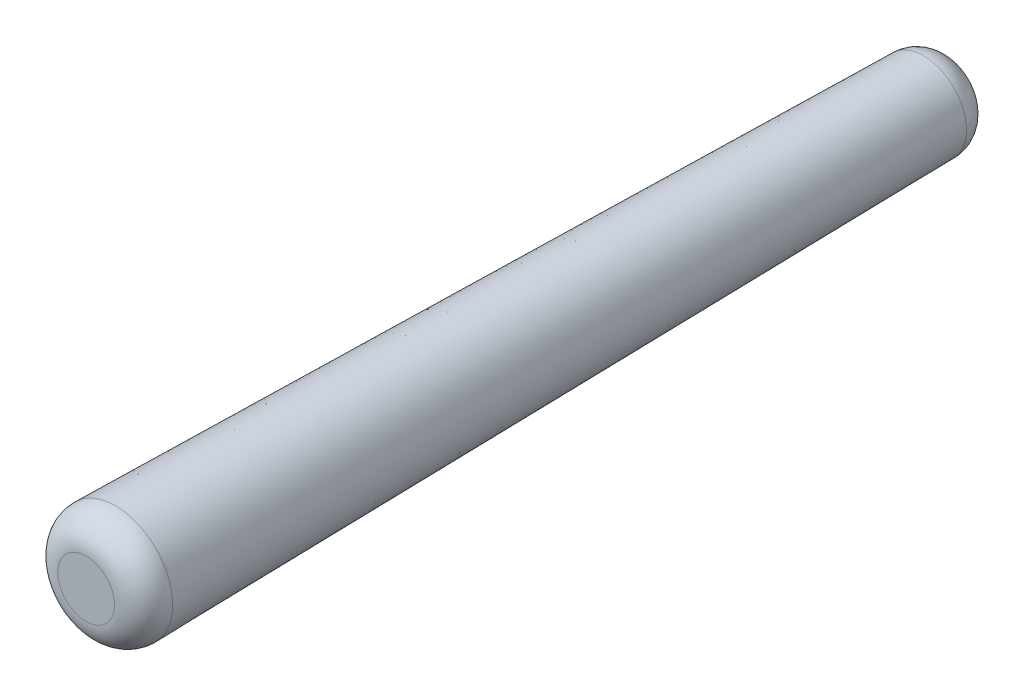
ISO-10303-21;
HEADER;
FILE_DESCRIPTION(('STEP AP214'),'2;1');
FILE_NAME('part.step','',(''),(''),'','','');
FILE_SCHEMA(('AUTOMOTIVE_DESIGN { 1 0 10303 214 1 1 1 1 }'));
ENDSEC;
DATA;
#1=APPLICATION_CONTEXT('core data for automotive mechanical design processes');
#2=APPLICATION_PROTOCOL_DEFINITION('international standard','automotive_design',2000,#1);
#3=PRODUCT_CONTEXT('',#1,'mechanical');
#4=PRODUCT('Part','Part','',(#3));
#5=PRODUCT_RELATED_PRODUCT_CATEGORY('part','',(#4));
#6=PRODUCT_DEFINITION_FORMATION('','',#4);
#7=PRODUCT_DEFINITION_CONTEXT('part definition',#1,'design');
#8=PRODUCT_DEFINITION('design','',#6,#7);
#9=PRODUCT_DEFINITION_SHAPE('','',#8);
#10=(LENGTH_UNIT() NAMED_UNIT(*) SI_UNIT(.MILLI.,.METRE.));
#11=(NAMED_UNIT(*) PLANE_ANGLE_UNIT() SI_UNIT($,.RADIAN.));
#12=(NAMED_UNIT(*) SI_UNIT($,.STERADIAN.) SOLID_ANGLE_UNIT());
#13=UNCERTAINTY_MEASURE_WITH_UNIT(LENGTH_MEASURE(1.E-05),#10,'distance_accuracy_value','');
#14=(GEOMETRIC_REPRESENTATION_CONTEXT(3) GLOBAL_UNCERTAINTY_ASSIGNED_CONTEXT((#13)) GLOBAL_UNIT_ASSIGNED_CONTEXT((#10,
#11,#12)) REPRESENTATION_CONTEXT('',''));
#15=CARTESIAN_POINT('',(0.,0.,0.));
#16=DIRECTION('',(0.,0.,1.));
#17=DIRECTION('',(1.,0.,0.));
#18=AXIS2_PLACEMENT_3D('',#15,#16,#17);
#19=CARTESIAN_POINT('',(0.,0.,0.));
#20=DIRECTION('',(0.,0.,1.00000000000001));
#21=DIRECTION('',(1.00000000000001,0.,0.));
#22=AXIS2_PLACEMENT_3D('',#19,#20,#21);
#23=CONICAL_SURFACE('',#22,2.,0.0174532925199433);
#24=CARTESIAN_POINT('',(-1.66533453693773E-13,-1.66533453693773E-13,-29.0174524064387));
#25=DIRECTION('',(0.,0.,1.00000000000001));
#26=DIRECTION('',(1.00000000000001,0.,0.));
#27=AXIS2_PLACEMENT_3D('',#24,#25,#26);
#28=CIRCLE('',#27,1.49349848419417);
#29=CARTESIAN_POINT('',(1.49349848419402,-1.6839645811064E-13,-29.0174524064387));
#30=VERTEX_POINT('',#29);
#31=EDGE_CURVE('E50',#30,#30,#28,.T.);
#32=ORIENTED_EDGE('',*,*,#31,.T.);
#33=EDGE_LOOP('',(#32));
#34=FACE_BOUND('',#33,.T.);
#35=CARTESIAN_POINT('',(-1.11022302462516E-13,1.11022302462516E-13,-1.01745240643736));
#36=DIRECTION('',(0.,0.,-1.00000000000001));
#37=DIRECTION('',(-1.00000000000001,0.,0.));
#38=AXIS2_PLACEMENT_3D('',#35,#36,#37);
#39=CIRCLE('',#38,1.98224030218427);
#40=CARTESIAN_POINT('',(-1.98224030218439,1.13494968138003E-13,-1.01745240643736));
#41=VERTEX_POINT('',#40);
#42=EDGE_CURVE('E56',#41,#41,#39,.T.);
#43=ORIENTED_EDGE('',*,*,#42,.T.);
#44=EDGE_LOOP('',(#43));
#45=FACE_BOUND('',#44,.T.);
#46=ADVANCED_FACE('F36',(#34,#45),#23,.T.);
#47=CARTESIAN_POINT('',(0.,0.,-30.0000000000015));
#48=DIRECTION('',(0.,0.,1.00000000000001));
#49=DIRECTION('',(1.00000000000001,0.,0.));
#50=AXIS2_PLACEMENT_3D('',#47,#48,#49);
#51=PLANE('',#50);
#52=CARTESIAN_POINT('',(0.,0.,-30.0000000000015));
#53=DIRECTION('',(0.,0.,1.00000000000001));
#54=DIRECTION('',(1.00000000000001,0.,0.));
#55=AXIS2_PLACEMENT_3D('',#52,#53,#54);
#56=CIRCLE('',#55,0.493650789037781);
#57=CARTESIAN_POINT('',(0.493650789037729,0.,-30.0000000000015));
#58=VERTEX_POINT('',#57);
#59=EDGE_CURVE('E44',#58,#58,#56,.F.);
#60=ORIENTED_EDGE('',*,*,#59,.T.);
#61=EDGE_LOOP('',(#60));
#62=FACE_BOUND('',#61,.T.);
#63=ADVANCED_FACE('F74',(#62),#51,.F.);
#64=CARTESIAN_POINT('',(0.,0.,0.));
#65=DIRECTION('',(0.,0.,1.00000000000001));
#66=DIRECTION('',(1.00000000000001,0.,0.));
#67=AXIS2_PLACEMENT_3D('',#64,#65,#66);
#68=PLANE('',#67);
#69=CARTESIAN_POINT('',(0.,0.,0.));
#70=DIRECTION('',(0.,0.,1.00000000000001));
#71=DIRECTION('',(1.00000000000001,0.,0.));
#72=AXIS2_PLACEMENT_3D('',#69,#70,#71);
#73=CIRCLE('',#72,0.982392607027874);
#74=CARTESIAN_POINT('',(0.982392607027882,0.,0.));
#75=VERTEX_POINT('',#74);
#76=EDGE_CURVE('E10',#75,#75,#73,.T.);
#77=ORIENTED_EDGE('',*,*,#76,.T.);
#78=EDGE_LOOP('',(#77));
#79=FACE_BOUND('',#78,.T.);
#80=ADVANCED_FACE('F71',(#79),#68,.T.);
#81=CARTESIAN_POINT('',(-1.11022302462516E-13,-1.11022302462516E-13,-29.0000000000013));
#82=DIRECTION('',(0.,0.,1.00000000000001));
#83=DIRECTION('',(1.00000000000001,0.,0.));
#84=AXIS2_PLACEMENT_3D('',#81,#82,#83);
#85=DEGENERATE_TOROIDAL_SURFACE('',#84,0.493650789037781,1.,.T.);
#86=ORIENTED_EDGE('',*,*,#59,.F.);
#87=EDGE_LOOP('',(#86));
#88=FACE_BOUND('',#87,.T.);
#89=ORIENTED_EDGE('',*,*,#31,.F.);
#90=EDGE_LOOP('',(#89));
#91=FACE_BOUND('',#90,.T.);
#92=ADVANCED_FACE('F67',(#88,#91),#85,.T.);
#93=CARTESIAN_POINT('',(-2.22044604925031E-13,0.,-0.99999999999989));
#94=DIRECTION('',(0.,0.,1.00000000000001));
#95=DIRECTION('',(1.00000000000001,0.,0.));
#96=AXIS2_PLACEMENT_3D('',#93,#94,#95);
#97=DEGENERATE_TOROIDAL_SURFACE('',#96,0.982392607027874,1.,.T.);
#98=ORIENTED_EDGE('',*,*,#42,.F.);
#99=EDGE_LOOP('',(#98));
#100=FACE_BOUND('',#99,.T.);
#101=ORIENTED_EDGE('',*,*,#76,.F.);
#102=EDGE_LOOP('',(#101));
#103=FACE_BOUND('',#102,.T.);
#104=ADVANCED_FACE('F38',(#100,#103),#97,.T.);
#105=CLOSED_SHELL('',(#46,#63,#80,#92,#104));
#106=MANIFOLD_SOLID_BREP('B2',#105);
#107=ADVANCED_BREP_SHAPE_REPRESENTATION('',(#18,#106),#14);
#108=SHAPE_DEFINITION_REPRESENTATION(#9,#107);
ENDSEC;
END-ISO-10303-21;

☆ ☆ ☆ ☆ ☆

Problem
Reproduce the listing word for word. Do not carry over the pictures.

Your response
ISO-10303-21;
HEADER;
FILE_DESCRIPTION(('STEP AP214'),'2;1');
FILE_NAME('part.step','',(''),(''),'','','');
FILE_SCHEMA(('AUTOMOTIVE_DESIGN { 1 0 10303 214 1 1 1 1 }'));
ENDSEC;
DATA;
#1=APPLICATION_CONTEXT('core data for automotive mechanical design processes');
#2=APPLICATION_PROTOCOL_DEFINITION('international standard','automotive_design',2000,#1);
#3=PRODUCT_CONTEXT('',#1,'mechanical');
#4=PRODUCT('Part','Part','',(#3));
#5=PRODUCT_RELATED_PRODUCT_CATEGORY('part','',(#4));
#6=PRODUCT_DEFINITION_FORMATION('','',#4);
#7=PRODUCT_DEFINITION_CONTEXT('part definition',#1,'design');
#8=PRODUCT_DEFINITION('design','',#6,#7);
#9=PRODUCT_DEFINITION_SHAPE('','',#8);
#10=(LENGTH_UNIT() NAMED_UNIT(*) SI_UNIT(.MILLI.,.METRE.));
#11=(NAMED_UNIT(*) PLANE_ANGLE_UNIT() SI_UNIT($,.RADIAN.));
#12=(NAMED_UNIT(*) SI_UNIT($,.STERADIAN.) SOLID_ANGLE_UNIT());
#13=UNCERTAINTY_MEASURE_WITH_UNIT(LENGTH_MEASURE(1.E-05),#10,'distance_accuracy_value','');
#14=(GEOMETRIC_REPRESENTATION_CONTEXT(3) GLOBAL_UNCERTAINTY_ASSIGNED_CONTEXT((#13)) GLOBAL_UNIT_ASSIGNED_CONTEXT((#10,
#11,#12)) REPRESENTATION_CONTEXT('',''));
#15=CARTESIAN_POINT('',(0.,0.,0.));
#16=DIRECTION('',(0.,0.,1.));
#17=DIRECTION('',(1.,0.,0.));
#18=AXIS2_PLACEMENT_3D('',#15,#16,#17);
#19=CARTESIAN_POINT('',(0.,0.,0.));
#20=DIRECTION('',(0.,0.,1.00000000000001));
#21=DIRECTION('',(1.00000000000001,0.,0.));
#22=AXIS2_PLACEMENT_3D('',#19,#20,#21);
#23=CONICAL_SURFACE('',#22,2.,0.0174532925199433);
#24=CARTESIAN_POINT('',(-1.66533453693773E-13,-1.66533453693773E-13,-29.0174524064387));
#25=DIRECTION('',(0.,0.,1.00000000000001));
#26=DIRECTION('',(1.00000000000001,0.,0.));
#27=AXIS2_PLACEMENT_3D('',#24,#25,#26);
#28=CIRCLE('',#27,1.49349848419417);
#29=CARTESIAN_POINT('',(1.49349848419402,-1.6839645811064E-13,-29.0174524064387));
#30=VERTEX_POINT('',#29);
#31=EDGE_CURVE('E50',#30,#30,#28,.T.);
#32=ORIENTED_EDGE('',*,*,#31,.T.);
#33=EDGE_LOOP('',(#32));
#34=FACE_BOUND('',#33,.T.);
#35=CARTESIAN_POINT('',(-1.11022302462516E-13,1.11022302462516E-13,-1.01745240643736));
#36=DIRECTION('',(0.,0.,-1.00000000000001));
#37=DIRECTION('',(-1.00000000000001,0.,0.));
#38=AXIS2_PLACEMENT_3D('',#35,#36,#37);
#39=CIRCLE('',#38,1.98224030218427);
#40=CARTESIAN_POINT('',(-1.98224030218439,1.13494968138003E-13,-1.01745240643736));
#41=VERTEX_POINT('',#40);
#42=EDGE_CURVE('E56',#41,#41,#39,.T.);
#43=ORIENTED_EDGE('',*,*,#42,.T.);
#44=EDGE_LOOP('',(#43));
#45=FACE_BOUND('',#44,.T.);
#46=ADVANCED_FACE('F36',(#34,#45),#23,.T.);
#47=CARTESIAN_POINT('',(0.,0.,-30.0000000000015));
#48=DIRECTION('',(0.,0.,1.00000000000001));
#49=DIRECTION('',(1.00000000000001,0.,0.));
#50=AXIS2_PLACEMENT_3D('',#47,#48,#49);
#51=PLANE('',#50);
#52=CARTESIAN_POINT('',(0.,0.,-30.0000000000015));
#53=DIRECTION('',(0.,0.,1.00000000000001));
#54=DIRECTION('',(1.00000000000001,0.,0.));
#55=AXIS2_PLACEMENT_3D('',#52,#53,#54);
#56=CIRCLE('',#55,0.493650789037781);
#57=CARTESIAN_POINT('',(0.493650789037729,0.,-30.0000000000015));
#58=VERTEX_POINT('',#57);
#59=EDGE_CURVE('E44',#58,#58,#56,.F.);
#60=ORIENTED_EDGE('',*,*,#59,.T.);
#61=EDGE_LOOP('',(#60));
#62=FACE_BOUND('',#61,.T.);
#63=ADVANCED_FACE('F74',(#62),#51,.F.);
#64=CARTESIAN_POINT('',(0.,0.,0.));
#65=DIRECTION('',(0.,0.,1.00000000000001));
#66=DIRECTION('',(1.00000000000001,0.,0.));
#67=AXIS2_PLACEMENT_3D('',#64,#65,#66);
#68=PLANE('',#67);
#69=CARTESIAN_POINT('',(0.,0.,0.));
#70=DIRECTION('',(0.,0.,1.00000000000001));
#71=DIRECTION('',(1.00000000000001,0.,0.));
#72=AXIS2_PLACEMENT_3D('',#69,#70,#71);
#73=CIRCLE('',#72,0.982392607027874);
#74=CARTESIAN_POINT('',(0.982392607027882,0.,0.));
#75=VERTEX_POINT('',#74);
#76=EDGE_CURVE('E10',#75,#75,#73,.T.);
#77=ORIENTED_EDGE('',*,*,#76,.T.);
#78=EDGE_LOOP('',(#77));
#79=FACE_BOUND('',#78,.T.);
#80=ADVANCED_FACE('F71',(#79),#68,.T.);
#81=CARTESIAN_POINT('',(-1.11022302462516E-13,-1.11022302462516E-13,-29.0000000000013));
#82=DIRECTION('',(0.,0.,1.00000000000001));
#83=DIRECTION('',(1.00000000000001,0.,0.));
#84=AXIS2_PLACEMENT_3D('',#81,#82,#83);
#85=DEGENERATE_TOROIDAL_SURFACE('',#84,0.493650789037781,1.,.T.);
#86=ORIENTED_EDGE('',*,*,#59,.F.);
#87=EDGE_LOOP('',(#86));
#88=FACE_BOUND('',#87,.T.);
#89=ORIENTED_EDGE('',*,*,#31,.F.);
#90=EDGE_LOOP('',(#89));
#91=FACE_BOUND('',#90,.T.);
#92=ADVANCED_FACE('F67',(#88,#91),#85,.T.);
#93=CARTESIAN_POINT('',(-2.22044604925031E-13,0.,-0.99999999999989));
#94=DIRECTION('',(0.,0.,1.00000000000001));
#95=DIRECTION('',(1.00000000000001,0.,0.));
#96=AXIS2_PLACEMENT_3D('',#93,#94,#95);
#97=DEGENERATE_TOROIDAL_SURFACE('',#96,0.982392607027874,1.,.T.);
#98=ORIENTED_EDGE('',*,*,#42,.F.);
#99=EDGE_LOOP('',(#98));
#100=FACE_BOUND('',#99,.T.);
#101=ORIENTED_EDGE('',*,*,#76,.F.);
#102=EDGE_LOOP('',(#101));
#103=FACE_BOUND('',#102,.T.);
#104=ADVANCED_FACE('F38',(#100,#103),#97,.T.);
#105=CLOSED_SHELL('',(#46,#63,#80,#92,#104));
#106=MANIFOLD_SOLID_BREP('B2',#105);
#107=ADVANCED_BREP_SHAPE_REPRESENTATION('',(#18,#106),#14);
#108=SHAPE_DEFINITION_REPRESENTATION(#9,#107);
ENDSEC;
END-ISO-10303-21;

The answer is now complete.